Fil d'Ariane
Tout a commencé avec la publication, fin janvier par le magazine à scandales National Inquirer, de textos passionnés échangés entre Jeff Bezos et une amie au printemps 2018, soit plus de six mois avant l'annonce de la séparation de l'homme le plus riche du monde avec son épouse, MacKenzie. Jeff Bezos est propriétaire du quotidien national Washington Post et n'a pas semblé goûter cette publication de sa vie privée par ce groupe de presse concurrent. Contrarié, il a alors engagé des détectives privés pour tenter de découvrir l'origine de la fuite et déterminer si les motivations d'American Media Inc (AMI), le propriétaire du National Enquirer, allaient au-delà du scoop.
Inquiet de la publication d'informations issues de cette enquête, AMI a alors contacté le PDG d'Amazon pour lui demander de ne rien en faire. En contrepartie, le groupe s'engageait à ne pas utiliser des photos intimes — et potentiellement compromettantes — échangées entre lui et sa fameuse amie. En retour, Jeff Bezos a publié une tribune ce jeudi 7 fevrier 2019 sur le site Medium, dans laquelle il accuse l'hebdomadaire à scandales National Enquirer de l'avoir "menacé de publier des photos intimes s'il ne renonçait pas à enquêter sur la manière dont le titre s'est procuré des informations sur sa liaison extraconjugale". Bezos a aussi publié le contenu de lettres échangées avec AMI. Un moyen d'éviter "l'effet Streisand" bien connu d'Internet : plus vous tentez d'empêcher la diffusion de quelque chose, plus elle se multiplie (l'effet Streisand a été inventé après l'affaire impliquant la chanteuse Barbara Streisand qui tentait d'empêcher la diffusion de photos de son domaine privé sur Internet).
Sachant que les descriptions — envoyées par le National Enquire à Bezos qui les a publiées — des photos considérées compromettantes, ne le sont pas vraiment : principalement des clichés où l'homme d'affaire porte son alliance, en short, dans sa salle de bain ou de sa maîtresse en bikini, ou l'une simulant "du sexe oral avec un cigare"… Mais l'affaire n'est pas si simple, puisque Jeff Bezos est en conflit avec le président américain Donald Trump et que le PDG d'AMI est lié à l'Arabie saoudite.
De manière détournée, il laisse entendre que les révélations le concernant publiées par le National Enquirer pourraient avoir un lien avec l'hostilité qu'affiche Donald Trump envers lui. La personne chargée de l'enquête par Jeff Bezos, Gavin de Becker, a notamment révélé s'être intéressée au frère de l'amie de Jeff Bezos, Michael Sanchez, qui compte parmi ses connaissances Roger Stone, conseiller et ami de longue date de Donald Trump.
M. Sanchez, qui a fréquenté également Carter Page, ancien conseiller diplomatique du président américain, pourrait ainsi être à l'origine de la fuite selon l'enquête, a révélé le site Daily Beast.
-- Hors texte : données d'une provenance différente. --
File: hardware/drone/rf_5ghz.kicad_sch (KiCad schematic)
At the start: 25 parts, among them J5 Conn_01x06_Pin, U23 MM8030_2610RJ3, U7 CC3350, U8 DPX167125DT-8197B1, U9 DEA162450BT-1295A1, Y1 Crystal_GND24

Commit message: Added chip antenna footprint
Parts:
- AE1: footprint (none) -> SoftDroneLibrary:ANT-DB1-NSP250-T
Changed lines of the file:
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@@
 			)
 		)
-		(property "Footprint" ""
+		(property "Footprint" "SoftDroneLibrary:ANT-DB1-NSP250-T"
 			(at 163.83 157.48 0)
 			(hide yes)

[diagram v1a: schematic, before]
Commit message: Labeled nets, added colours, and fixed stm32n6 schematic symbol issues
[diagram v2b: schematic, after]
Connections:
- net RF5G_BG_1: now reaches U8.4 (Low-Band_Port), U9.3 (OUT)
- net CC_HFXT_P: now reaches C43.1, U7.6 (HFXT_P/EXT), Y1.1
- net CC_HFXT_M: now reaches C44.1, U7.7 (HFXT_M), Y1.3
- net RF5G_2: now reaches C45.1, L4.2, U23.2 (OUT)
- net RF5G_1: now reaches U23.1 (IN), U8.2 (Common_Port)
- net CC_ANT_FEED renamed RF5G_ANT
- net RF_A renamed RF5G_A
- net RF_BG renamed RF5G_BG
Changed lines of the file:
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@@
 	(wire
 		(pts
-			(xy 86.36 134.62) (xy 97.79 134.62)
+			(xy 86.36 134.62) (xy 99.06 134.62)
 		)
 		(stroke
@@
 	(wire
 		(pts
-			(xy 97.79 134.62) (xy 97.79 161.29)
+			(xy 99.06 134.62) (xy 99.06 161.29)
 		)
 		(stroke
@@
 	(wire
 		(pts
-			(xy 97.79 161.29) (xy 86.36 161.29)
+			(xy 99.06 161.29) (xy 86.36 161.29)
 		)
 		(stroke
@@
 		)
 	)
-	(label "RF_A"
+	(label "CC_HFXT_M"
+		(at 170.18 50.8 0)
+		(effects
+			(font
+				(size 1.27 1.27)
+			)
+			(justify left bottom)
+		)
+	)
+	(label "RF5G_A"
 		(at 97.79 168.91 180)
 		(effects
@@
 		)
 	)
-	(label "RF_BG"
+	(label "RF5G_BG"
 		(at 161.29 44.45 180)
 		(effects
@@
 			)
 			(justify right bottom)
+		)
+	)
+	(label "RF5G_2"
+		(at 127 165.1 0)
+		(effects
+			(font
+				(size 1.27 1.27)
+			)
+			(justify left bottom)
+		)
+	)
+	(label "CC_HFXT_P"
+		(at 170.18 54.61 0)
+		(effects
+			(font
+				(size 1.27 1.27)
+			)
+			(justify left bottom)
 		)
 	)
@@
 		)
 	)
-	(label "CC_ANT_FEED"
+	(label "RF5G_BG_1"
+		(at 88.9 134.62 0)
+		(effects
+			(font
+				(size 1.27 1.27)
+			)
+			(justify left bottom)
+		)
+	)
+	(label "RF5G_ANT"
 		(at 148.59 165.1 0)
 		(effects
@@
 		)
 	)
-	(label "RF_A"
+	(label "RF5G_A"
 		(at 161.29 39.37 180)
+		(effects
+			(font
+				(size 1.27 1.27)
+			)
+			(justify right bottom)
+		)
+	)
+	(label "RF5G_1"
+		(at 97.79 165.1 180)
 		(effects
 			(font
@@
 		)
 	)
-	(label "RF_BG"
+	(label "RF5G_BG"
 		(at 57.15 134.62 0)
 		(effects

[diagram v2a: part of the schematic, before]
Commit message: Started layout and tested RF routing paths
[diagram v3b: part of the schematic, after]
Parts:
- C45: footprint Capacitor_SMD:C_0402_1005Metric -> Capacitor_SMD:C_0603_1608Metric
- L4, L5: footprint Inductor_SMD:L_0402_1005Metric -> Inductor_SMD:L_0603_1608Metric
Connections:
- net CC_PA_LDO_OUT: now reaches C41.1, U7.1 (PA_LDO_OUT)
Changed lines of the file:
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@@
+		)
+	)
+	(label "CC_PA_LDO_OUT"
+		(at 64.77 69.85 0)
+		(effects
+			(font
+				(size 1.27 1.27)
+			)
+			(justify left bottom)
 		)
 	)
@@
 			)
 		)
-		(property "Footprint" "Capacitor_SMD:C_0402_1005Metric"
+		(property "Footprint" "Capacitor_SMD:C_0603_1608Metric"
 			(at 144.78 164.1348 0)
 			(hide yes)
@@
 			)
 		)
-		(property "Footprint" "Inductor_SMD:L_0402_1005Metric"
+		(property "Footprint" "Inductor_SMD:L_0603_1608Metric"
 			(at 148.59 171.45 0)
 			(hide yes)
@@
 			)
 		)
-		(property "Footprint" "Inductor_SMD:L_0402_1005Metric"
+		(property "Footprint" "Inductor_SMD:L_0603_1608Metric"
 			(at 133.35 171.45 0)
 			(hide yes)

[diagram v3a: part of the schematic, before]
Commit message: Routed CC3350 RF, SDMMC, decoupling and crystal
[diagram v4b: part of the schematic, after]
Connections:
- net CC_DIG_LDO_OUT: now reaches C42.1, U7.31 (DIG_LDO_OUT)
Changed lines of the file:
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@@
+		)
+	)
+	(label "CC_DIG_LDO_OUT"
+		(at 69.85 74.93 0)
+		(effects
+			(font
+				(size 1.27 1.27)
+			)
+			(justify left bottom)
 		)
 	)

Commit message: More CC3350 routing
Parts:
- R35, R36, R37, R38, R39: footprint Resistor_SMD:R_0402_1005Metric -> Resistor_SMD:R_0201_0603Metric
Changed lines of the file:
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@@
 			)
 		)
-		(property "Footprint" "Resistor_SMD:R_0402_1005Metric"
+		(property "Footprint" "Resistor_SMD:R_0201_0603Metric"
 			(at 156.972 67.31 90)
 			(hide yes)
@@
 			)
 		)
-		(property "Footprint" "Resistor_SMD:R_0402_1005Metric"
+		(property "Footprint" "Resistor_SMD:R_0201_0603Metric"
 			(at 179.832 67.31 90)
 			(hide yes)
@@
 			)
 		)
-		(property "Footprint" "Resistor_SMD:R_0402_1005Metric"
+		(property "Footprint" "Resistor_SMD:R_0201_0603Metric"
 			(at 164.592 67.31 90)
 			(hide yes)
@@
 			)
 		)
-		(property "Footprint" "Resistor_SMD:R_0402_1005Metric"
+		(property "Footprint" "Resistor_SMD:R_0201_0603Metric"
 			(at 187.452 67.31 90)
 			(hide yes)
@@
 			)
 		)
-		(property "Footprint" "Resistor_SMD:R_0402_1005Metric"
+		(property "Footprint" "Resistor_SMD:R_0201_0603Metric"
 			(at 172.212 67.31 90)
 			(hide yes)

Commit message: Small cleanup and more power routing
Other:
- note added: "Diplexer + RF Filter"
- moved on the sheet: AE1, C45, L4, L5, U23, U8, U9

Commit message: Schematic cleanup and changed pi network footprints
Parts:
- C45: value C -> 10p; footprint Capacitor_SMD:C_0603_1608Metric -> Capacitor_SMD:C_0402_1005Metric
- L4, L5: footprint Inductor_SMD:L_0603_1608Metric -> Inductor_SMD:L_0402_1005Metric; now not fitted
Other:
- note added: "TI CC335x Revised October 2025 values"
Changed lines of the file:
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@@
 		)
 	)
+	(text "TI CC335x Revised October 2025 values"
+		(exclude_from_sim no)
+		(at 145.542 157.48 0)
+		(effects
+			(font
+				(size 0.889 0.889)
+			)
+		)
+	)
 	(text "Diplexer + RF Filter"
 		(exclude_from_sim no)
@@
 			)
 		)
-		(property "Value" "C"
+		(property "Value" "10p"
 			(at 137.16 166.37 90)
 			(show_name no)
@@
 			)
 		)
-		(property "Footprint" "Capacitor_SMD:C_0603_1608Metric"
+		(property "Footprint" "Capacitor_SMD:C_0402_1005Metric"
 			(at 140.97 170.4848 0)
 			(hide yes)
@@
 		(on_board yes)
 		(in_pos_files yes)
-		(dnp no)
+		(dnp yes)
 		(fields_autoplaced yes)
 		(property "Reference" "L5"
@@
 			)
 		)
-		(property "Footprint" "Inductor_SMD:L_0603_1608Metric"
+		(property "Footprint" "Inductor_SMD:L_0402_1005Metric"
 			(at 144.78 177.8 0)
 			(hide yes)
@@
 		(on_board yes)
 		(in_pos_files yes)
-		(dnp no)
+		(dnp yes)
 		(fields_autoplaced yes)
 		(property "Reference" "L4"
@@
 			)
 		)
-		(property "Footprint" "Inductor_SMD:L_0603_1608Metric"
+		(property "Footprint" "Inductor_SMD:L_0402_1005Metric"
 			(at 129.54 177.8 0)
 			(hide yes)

Dans sa tribune, Jeff Bezos laisse aussi entendre que les enquêteurs se seraient intéressés aux relations entre AMI et Donald Trump. Le patron d'AMI, David Pecker, est un ami de longue date du président américain et a reconnu avoir acquis les droits de témoignages compromettants pour Donald Trump avec le projet clair de ne jamais les publier, pour le protéger. Il a, depuis, accepté de collaborer avec la justice dans l'enquête du procureur spécial Robert Mueller, un revers pour Donald Trump.
Dans sa tribune, Jeff Bezos mentionne également l'Arabie saoudite, et évoque des liens supposés entre AMI et le prince Mohammed ben Salmane. Or le prince a ordonné, selon plusieurs rapports officiels, le meurtre du journaliste Jamal Khashoggi, qui a collaboré au Washington Post, propriété de Jeff Bezos. Le président américain critique régulièrement Jeff Bezos, le plus souvent sur Twitter, l'accusant notamment de vouloir le discréditer via le Washington Post, dont il est propriétaire, ou de ruiner la poste américaine en lui imposant des tarifs trop avantageux pour Amazon. Sollicité par l'AFP, le groupe AMI n'a pas réagi dans l'immédiat.